BEGIN
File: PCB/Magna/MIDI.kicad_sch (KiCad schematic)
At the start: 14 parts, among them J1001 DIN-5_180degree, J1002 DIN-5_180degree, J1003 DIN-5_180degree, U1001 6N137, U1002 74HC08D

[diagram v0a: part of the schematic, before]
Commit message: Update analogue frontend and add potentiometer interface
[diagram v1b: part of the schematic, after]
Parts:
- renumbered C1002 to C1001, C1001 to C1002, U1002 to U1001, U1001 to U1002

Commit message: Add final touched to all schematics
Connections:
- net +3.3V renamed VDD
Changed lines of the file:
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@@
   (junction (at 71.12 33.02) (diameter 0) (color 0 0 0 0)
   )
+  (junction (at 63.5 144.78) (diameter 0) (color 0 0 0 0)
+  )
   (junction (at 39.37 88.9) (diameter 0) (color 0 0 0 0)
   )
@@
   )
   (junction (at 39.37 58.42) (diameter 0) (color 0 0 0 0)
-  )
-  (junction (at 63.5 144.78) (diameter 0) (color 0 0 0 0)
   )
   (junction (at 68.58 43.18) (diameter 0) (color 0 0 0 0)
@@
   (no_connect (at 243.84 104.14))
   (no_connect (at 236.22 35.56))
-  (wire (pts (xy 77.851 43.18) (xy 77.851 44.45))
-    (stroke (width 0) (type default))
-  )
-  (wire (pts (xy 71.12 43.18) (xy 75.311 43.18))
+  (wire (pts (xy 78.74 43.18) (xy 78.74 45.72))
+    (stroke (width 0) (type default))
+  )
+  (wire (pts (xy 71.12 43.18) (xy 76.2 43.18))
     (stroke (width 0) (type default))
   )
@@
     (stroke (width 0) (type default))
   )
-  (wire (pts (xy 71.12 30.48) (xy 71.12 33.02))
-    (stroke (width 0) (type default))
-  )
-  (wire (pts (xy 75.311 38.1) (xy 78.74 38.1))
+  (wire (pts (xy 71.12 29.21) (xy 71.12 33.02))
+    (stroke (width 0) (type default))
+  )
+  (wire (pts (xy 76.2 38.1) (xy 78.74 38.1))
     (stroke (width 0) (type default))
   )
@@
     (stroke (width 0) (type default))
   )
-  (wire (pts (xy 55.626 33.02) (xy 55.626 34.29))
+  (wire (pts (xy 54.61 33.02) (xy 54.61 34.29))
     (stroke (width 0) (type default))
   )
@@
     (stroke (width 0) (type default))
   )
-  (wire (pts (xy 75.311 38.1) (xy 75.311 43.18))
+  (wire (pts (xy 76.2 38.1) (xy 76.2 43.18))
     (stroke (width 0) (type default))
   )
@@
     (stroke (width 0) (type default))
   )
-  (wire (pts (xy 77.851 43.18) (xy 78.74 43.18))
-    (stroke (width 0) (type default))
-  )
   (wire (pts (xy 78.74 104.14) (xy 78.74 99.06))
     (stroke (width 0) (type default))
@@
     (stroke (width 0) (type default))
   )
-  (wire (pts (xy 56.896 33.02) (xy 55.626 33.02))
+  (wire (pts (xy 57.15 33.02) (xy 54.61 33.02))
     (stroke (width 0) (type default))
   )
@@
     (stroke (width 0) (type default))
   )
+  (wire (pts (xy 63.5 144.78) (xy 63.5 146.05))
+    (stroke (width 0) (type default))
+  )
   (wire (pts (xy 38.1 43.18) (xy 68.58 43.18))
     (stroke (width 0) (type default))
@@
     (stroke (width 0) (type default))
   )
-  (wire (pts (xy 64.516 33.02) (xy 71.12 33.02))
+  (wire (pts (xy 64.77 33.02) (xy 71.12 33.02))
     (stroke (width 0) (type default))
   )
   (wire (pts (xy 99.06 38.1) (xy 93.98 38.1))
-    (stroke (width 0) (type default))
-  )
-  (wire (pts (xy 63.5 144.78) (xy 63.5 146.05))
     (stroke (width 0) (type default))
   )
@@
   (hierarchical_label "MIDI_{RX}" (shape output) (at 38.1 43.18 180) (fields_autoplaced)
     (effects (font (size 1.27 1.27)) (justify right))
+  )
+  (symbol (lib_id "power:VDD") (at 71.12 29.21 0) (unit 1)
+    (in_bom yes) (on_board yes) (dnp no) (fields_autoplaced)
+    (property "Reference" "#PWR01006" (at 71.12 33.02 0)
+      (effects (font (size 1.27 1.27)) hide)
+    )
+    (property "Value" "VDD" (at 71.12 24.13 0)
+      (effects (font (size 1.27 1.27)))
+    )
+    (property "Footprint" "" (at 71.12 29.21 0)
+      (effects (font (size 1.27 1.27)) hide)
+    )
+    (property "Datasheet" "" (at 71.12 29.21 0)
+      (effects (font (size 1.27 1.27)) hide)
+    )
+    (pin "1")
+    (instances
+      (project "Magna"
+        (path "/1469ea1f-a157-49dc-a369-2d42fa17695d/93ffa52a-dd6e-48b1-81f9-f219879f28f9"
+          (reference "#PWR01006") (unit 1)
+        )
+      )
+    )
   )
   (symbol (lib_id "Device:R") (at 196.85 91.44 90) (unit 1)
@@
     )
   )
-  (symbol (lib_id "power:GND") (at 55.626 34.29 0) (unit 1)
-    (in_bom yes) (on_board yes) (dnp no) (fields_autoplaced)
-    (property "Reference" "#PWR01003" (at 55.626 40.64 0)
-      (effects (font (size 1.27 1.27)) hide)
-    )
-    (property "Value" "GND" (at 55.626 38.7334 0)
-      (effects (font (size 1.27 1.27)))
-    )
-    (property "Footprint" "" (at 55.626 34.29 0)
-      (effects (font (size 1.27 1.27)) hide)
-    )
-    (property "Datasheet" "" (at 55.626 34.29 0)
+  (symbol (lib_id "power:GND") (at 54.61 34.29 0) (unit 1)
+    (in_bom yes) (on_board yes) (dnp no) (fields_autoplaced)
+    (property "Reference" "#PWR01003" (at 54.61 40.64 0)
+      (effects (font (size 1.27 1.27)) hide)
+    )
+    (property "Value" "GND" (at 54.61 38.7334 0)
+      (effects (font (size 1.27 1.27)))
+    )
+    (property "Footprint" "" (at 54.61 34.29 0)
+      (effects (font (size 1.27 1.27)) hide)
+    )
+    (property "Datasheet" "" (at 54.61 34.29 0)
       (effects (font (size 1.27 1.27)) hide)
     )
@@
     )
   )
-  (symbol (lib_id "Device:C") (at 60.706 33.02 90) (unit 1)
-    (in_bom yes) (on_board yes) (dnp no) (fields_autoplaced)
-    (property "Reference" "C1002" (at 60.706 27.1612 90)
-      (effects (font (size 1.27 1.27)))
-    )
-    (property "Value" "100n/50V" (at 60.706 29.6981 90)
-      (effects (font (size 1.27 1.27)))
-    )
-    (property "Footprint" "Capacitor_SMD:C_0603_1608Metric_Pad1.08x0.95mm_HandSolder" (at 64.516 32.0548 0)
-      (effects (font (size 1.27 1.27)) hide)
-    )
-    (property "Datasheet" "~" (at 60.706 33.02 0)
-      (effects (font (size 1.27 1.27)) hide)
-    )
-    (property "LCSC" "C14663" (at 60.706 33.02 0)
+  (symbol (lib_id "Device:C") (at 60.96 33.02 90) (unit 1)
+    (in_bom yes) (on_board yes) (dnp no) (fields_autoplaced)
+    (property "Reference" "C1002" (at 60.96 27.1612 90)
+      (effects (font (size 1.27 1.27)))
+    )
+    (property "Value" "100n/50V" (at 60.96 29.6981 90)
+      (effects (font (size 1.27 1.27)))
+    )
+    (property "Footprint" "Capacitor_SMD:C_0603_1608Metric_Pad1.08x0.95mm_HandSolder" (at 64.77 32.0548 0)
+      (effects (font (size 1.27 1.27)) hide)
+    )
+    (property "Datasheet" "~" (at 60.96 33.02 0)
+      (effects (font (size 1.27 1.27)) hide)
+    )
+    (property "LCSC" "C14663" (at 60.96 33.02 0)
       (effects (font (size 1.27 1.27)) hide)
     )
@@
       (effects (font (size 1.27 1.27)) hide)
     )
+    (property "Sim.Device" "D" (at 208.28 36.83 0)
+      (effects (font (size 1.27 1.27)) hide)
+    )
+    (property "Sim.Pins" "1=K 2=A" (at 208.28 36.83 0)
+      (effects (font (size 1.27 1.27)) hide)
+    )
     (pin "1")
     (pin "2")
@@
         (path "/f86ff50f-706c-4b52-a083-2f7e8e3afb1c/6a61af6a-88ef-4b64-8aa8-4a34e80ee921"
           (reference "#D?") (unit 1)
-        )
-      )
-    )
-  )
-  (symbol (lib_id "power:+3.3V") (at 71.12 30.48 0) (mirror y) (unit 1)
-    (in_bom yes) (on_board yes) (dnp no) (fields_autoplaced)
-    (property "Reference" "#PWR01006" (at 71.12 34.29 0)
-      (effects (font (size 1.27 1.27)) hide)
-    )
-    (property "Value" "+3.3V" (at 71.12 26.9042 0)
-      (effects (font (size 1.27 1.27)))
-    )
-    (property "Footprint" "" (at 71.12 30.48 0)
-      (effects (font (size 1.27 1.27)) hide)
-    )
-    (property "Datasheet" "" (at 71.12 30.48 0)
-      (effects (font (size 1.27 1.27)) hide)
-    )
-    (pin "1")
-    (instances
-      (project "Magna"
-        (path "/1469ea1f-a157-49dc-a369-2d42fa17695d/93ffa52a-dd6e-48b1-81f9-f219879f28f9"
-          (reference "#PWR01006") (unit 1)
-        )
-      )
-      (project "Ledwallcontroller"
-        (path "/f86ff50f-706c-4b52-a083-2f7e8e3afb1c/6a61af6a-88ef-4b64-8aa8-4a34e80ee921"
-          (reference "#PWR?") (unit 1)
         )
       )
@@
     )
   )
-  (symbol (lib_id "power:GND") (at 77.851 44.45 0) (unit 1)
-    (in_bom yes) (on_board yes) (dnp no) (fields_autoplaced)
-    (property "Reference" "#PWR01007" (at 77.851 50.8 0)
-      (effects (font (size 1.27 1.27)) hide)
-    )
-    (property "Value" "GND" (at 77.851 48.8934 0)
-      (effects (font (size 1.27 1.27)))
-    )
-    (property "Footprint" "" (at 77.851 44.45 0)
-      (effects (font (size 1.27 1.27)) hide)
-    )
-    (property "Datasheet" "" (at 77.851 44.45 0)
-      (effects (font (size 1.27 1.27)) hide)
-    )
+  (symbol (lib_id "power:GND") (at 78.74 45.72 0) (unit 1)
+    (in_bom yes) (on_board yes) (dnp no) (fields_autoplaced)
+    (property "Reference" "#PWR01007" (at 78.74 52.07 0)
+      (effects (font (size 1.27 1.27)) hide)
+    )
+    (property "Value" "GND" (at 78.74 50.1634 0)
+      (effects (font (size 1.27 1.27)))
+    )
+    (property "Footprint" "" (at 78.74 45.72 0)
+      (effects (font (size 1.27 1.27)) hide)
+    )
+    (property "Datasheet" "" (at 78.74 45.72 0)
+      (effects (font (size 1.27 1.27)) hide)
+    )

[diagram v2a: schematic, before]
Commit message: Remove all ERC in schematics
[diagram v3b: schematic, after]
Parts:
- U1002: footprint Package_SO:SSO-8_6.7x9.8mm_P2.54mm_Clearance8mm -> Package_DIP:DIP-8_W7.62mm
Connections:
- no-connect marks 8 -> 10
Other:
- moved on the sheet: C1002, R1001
END
» WHAT YOU WILL DO: All lines from the top of the data through the line containing "[diagram v0a: part of the schematic, before]" need to be retyped exactly, and nothing more.

» SOLUTION TO THE PROBLEM:
File: PCB/Magna/MIDI.kicad_sch (KiCad schematic)
At the start: 14 parts, among them J1001 DIN-5_180degree, J1002 DIN-5_180degree, J1003 DIN-5_180degree, U1001 6N137, U1002 74HC08D

[diagram v0a: part of the schematic, before]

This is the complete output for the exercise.